# My JoJo



## JoJo's Mom (Oct 20, 2012)

http://talkcockatiels.com/attachment.php?attachmentid=62257&stc=1&d=1431105650
Here is a picture of my sweetie eating his sprouts:
http://talkcockatiels.com/attachment.php?attachmentid=62265&stc=1&d=1431105826
Here he is just hanging out.

Still learning how to post as pics and not attachments


----------



## sunnysmom (Sep 23, 2011)

What a cutie.


----------



## RachelD (Aug 30, 2014)

Try this:









Jojo looks so cute!


----------



## Chisana (Mar 4, 2015)

Jojo is so cute and beautiful!


----------



## JoJo's Mom (Oct 20, 2012)

Thank you for the compliments on my JoJo...I still miss him so much. Its been a month since he passed...


----------



## Francesca (Apr 30, 2015)

He was so cute! Your little Paula is sweet too.


----------



## Brandon2k14 (Nov 26, 2014)

I never knew he passed oh hes too cute and tiny how old was he


----------



## phronima (Jan 12, 2015)

Aww JoJo he's in a happy place now


----------



## JoJo's Mom (Oct 20, 2012)

He was two and a half years old. Thanks for the compliments. He was such a sweetheart and very talkative. I miss him so much.


----------



## nassrah (Feb 27, 2012)

Such a sweet little guy ! My heart goes out to you Try to think he is resting at the rainbow bridge and that one day you will be reunited . All the best X x Teresa


----------



## JoJo's Mom (Oct 20, 2012)

nassrah said:


> Such a sweet little guy ! My heart goes out to you Try to think he is resting at the rainbow bridge and that one day you will be reunited . All the best X x Teresa


Thank you for the kind words Teresa...I have quite a list of babies at the bridge, and it helps to know he has joined them there. I even have a budgie who flew before JoJo, so I am confident they are flying free. Thank you for making me feel better


----------



## Brandon2k14 (Nov 26, 2014)

I have two budgies at the Rainbow bridge one was only a few months old both of them didnt know each other but they are probably flying free together now.


----------



## JoJo's Mom (Oct 20, 2012)

Brandon2k14 said:


> I have two budgies at the Rainbow bridge one was only a few months old both of them didnt know each other but they are probably flying free together now.

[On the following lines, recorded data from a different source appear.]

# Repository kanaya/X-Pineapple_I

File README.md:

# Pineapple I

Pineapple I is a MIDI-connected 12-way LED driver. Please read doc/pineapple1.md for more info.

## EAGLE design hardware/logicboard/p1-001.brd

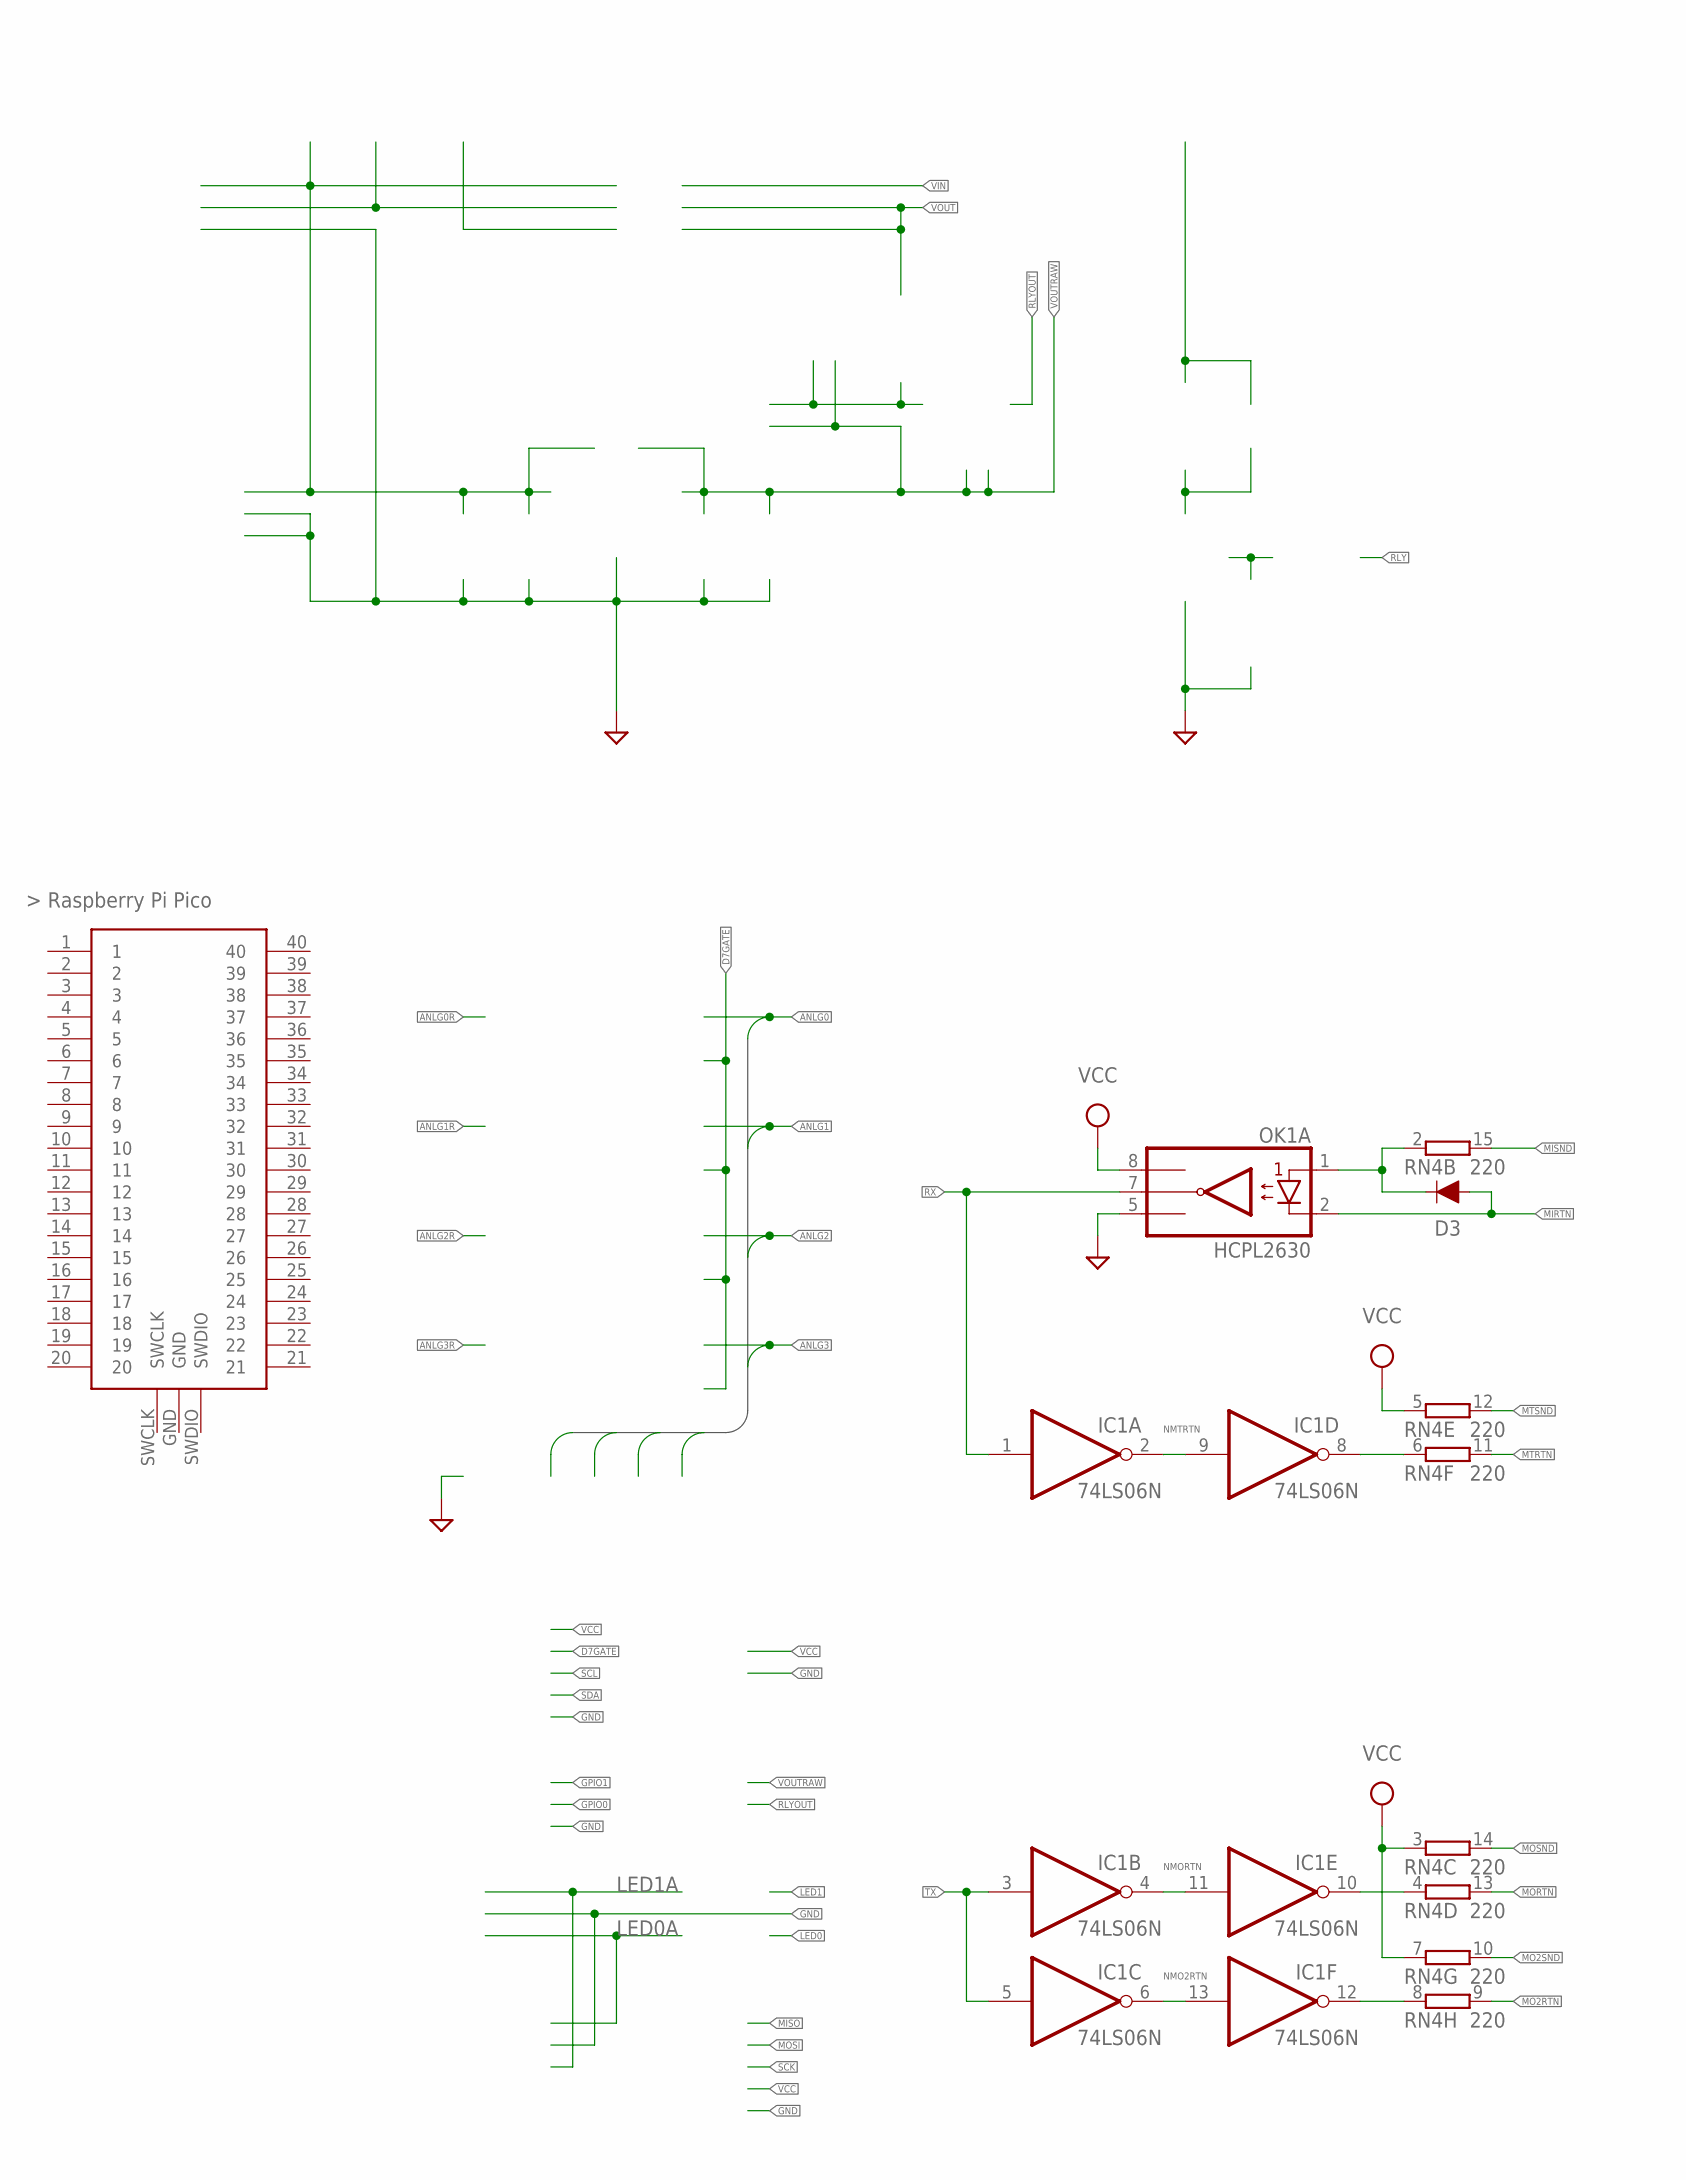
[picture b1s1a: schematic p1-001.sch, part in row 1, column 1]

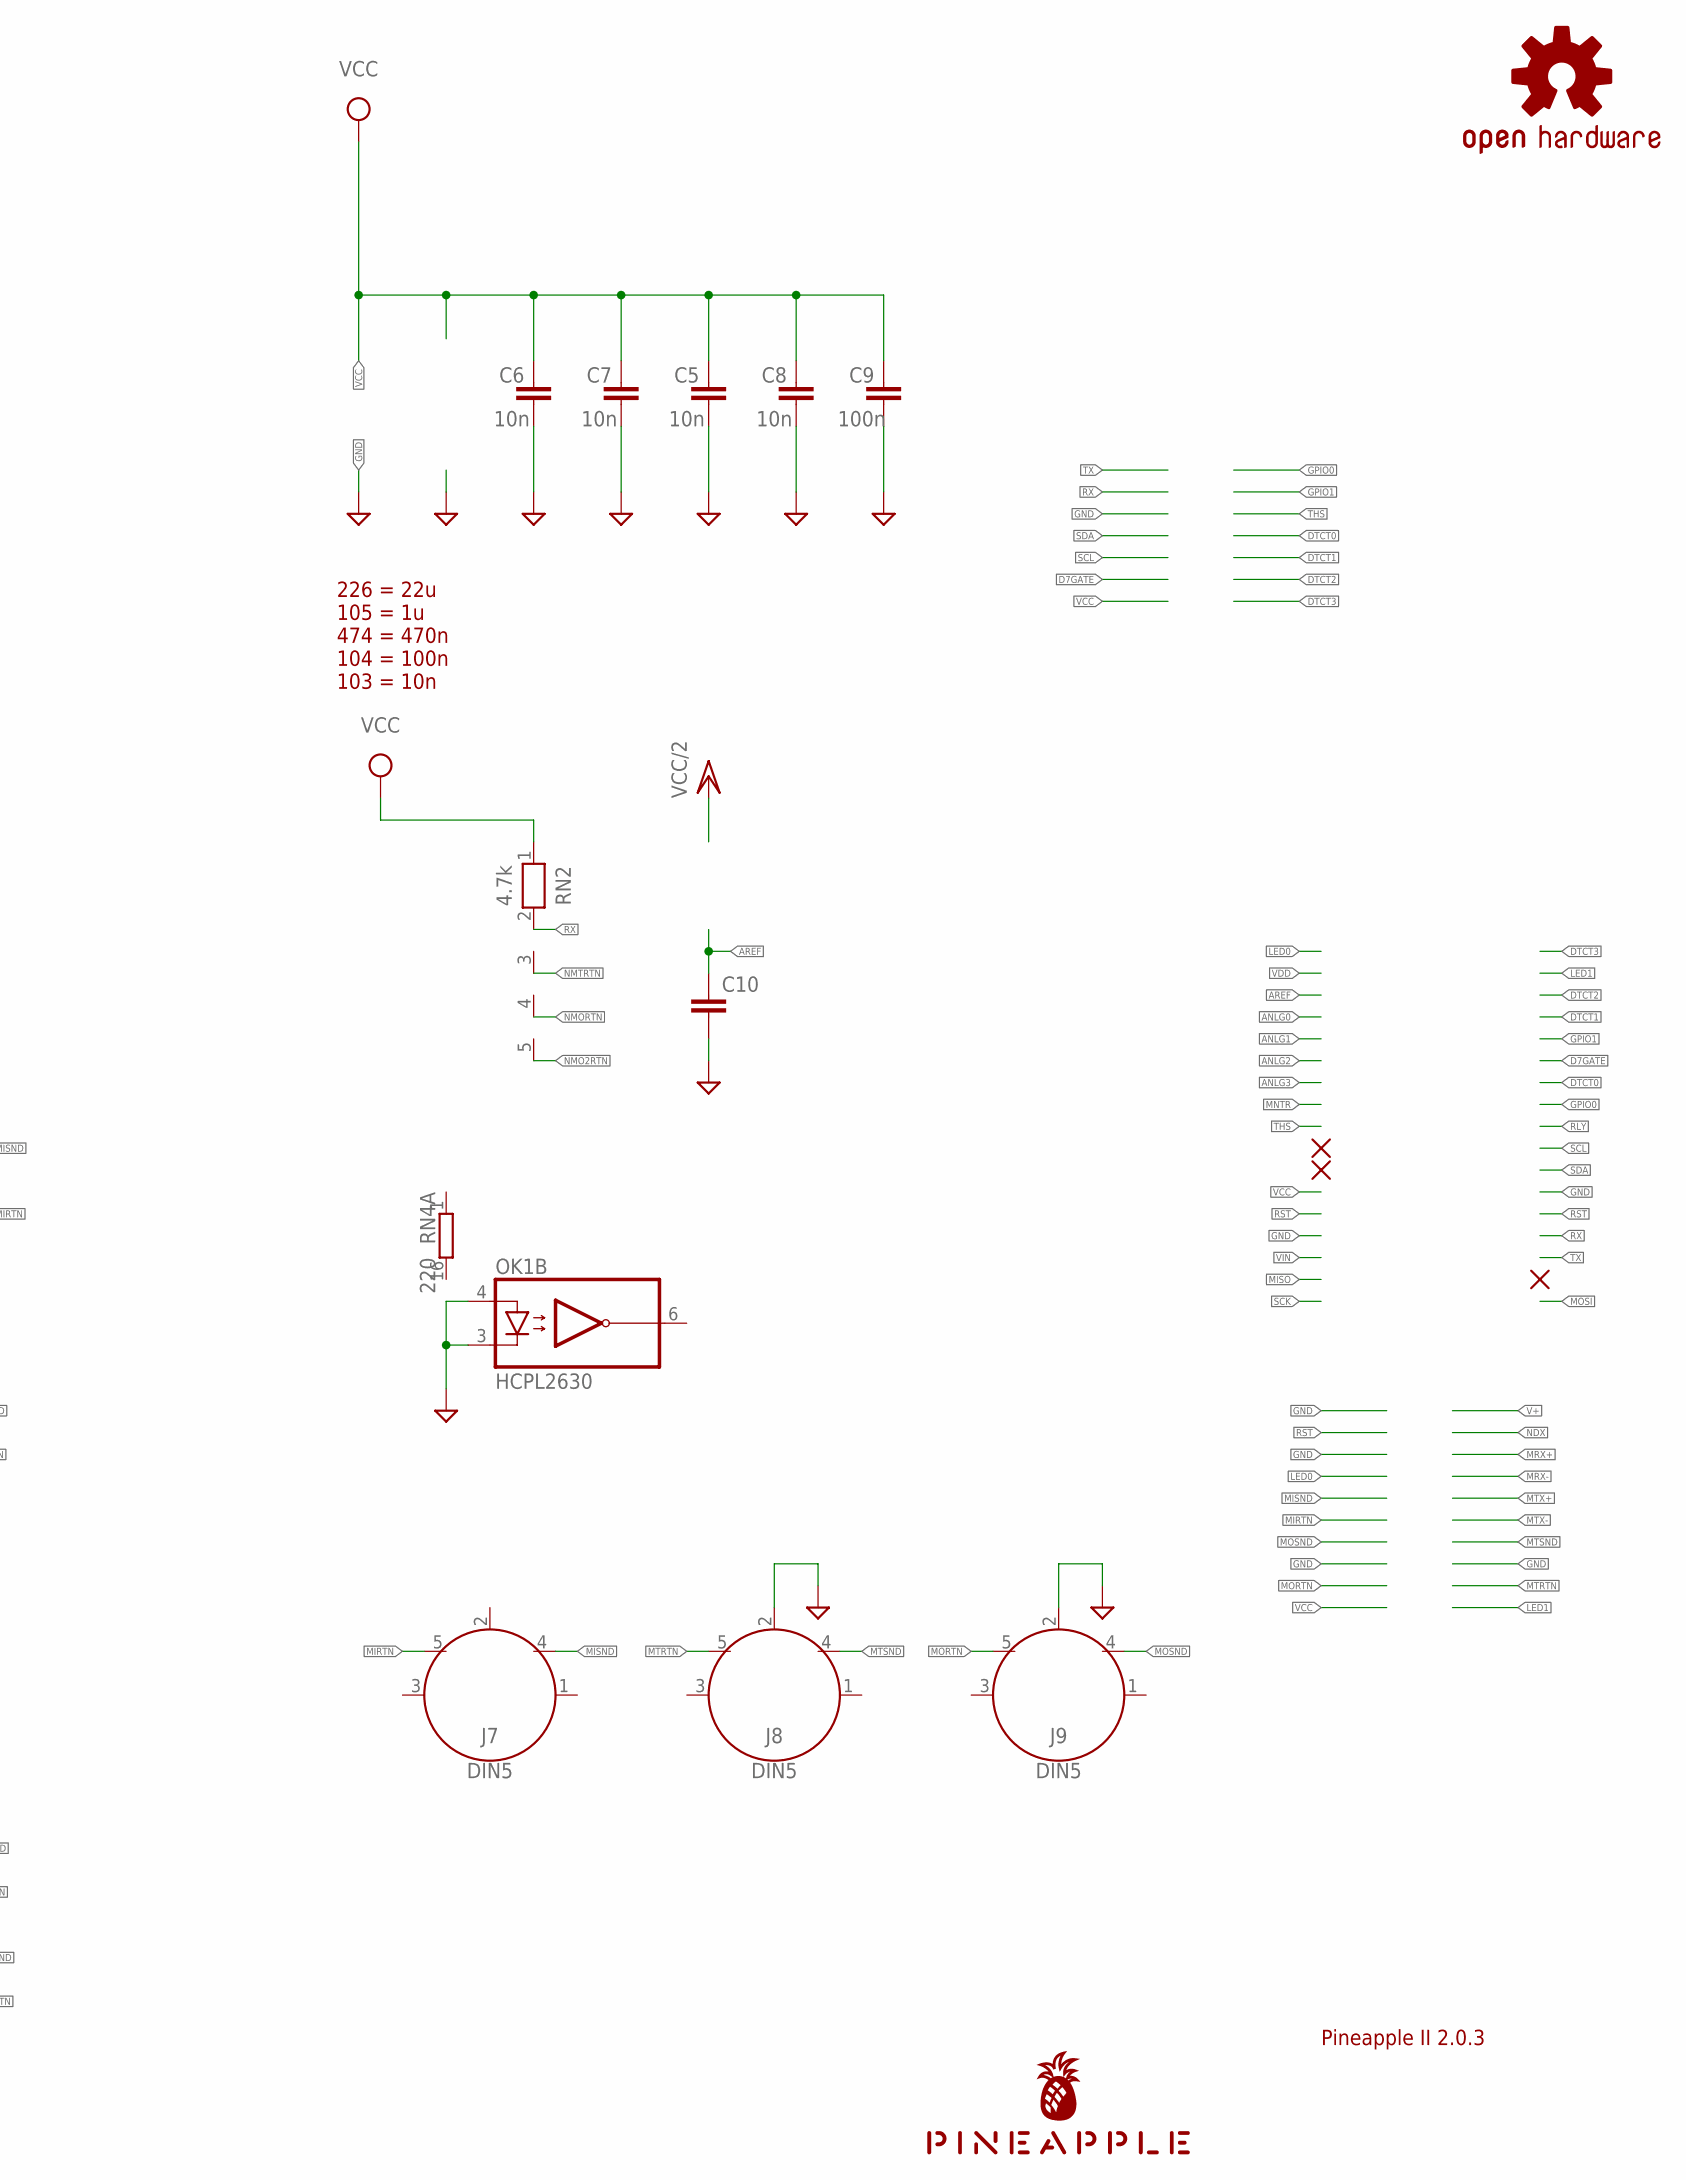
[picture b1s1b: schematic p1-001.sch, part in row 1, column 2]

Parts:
C5, C6, C7, C8: 10n; C025-024X044
C9, C10: 100n; C025-024X044
D3: DIODE-1N4148
IC1: 74LS06N; DIL14
J7, J8, J9: DIN5; DIN5-RA-PTH
LOGO1: OSHW-LOGOS-COPPER; OSHW-LOGO-S_COPPER
OK1: HCPL2630; DIL08
RN2: 4.7k; RN-5
RN4: 220; DIL16
U$1: PINEAPPLE450_SILK
U$2: RASPBERRY-PI-PICO_TH; FT_RASPBERRY-PI-PICO_TH

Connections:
AREF: C10.1
GND: C5.2, C6.2, C7.2, C8.2, C9.2, C10.2, IC1.7 (GND), J8.2, J9.2, OK1.3 (C2), OK1.4 (A2), OK1.5 (GND)
MIDIINSND: D3.C, OK1.1 (A1), RN4.2 (1)
MIRTN: D3.A, J7.5, OK1.2 (C1)
MISND: J7.4, RN4.15 (2)
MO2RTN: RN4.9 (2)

I am sure they are Brandon, its comforting to know isn't it? I think all of our animals know each other when they get to the bridge


----------



## Brandon2k14 (Nov 26, 2014)

JoJo's Mom said:


> I am sure they are Brandon, its comforting to know isn't it? I think all of our animals know each other when they get to the bridge


I hope I see all my pets soon its nice to know they are in a good place and its said when they leave you unexpectedly.


----------



## nassrah (Feb 27, 2012)

Well Jojo s Mom I truly believe it X x Teresa


----------



## JoJo's Mom (Oct 20, 2012)

I do to, and it gives me such comfort...


----------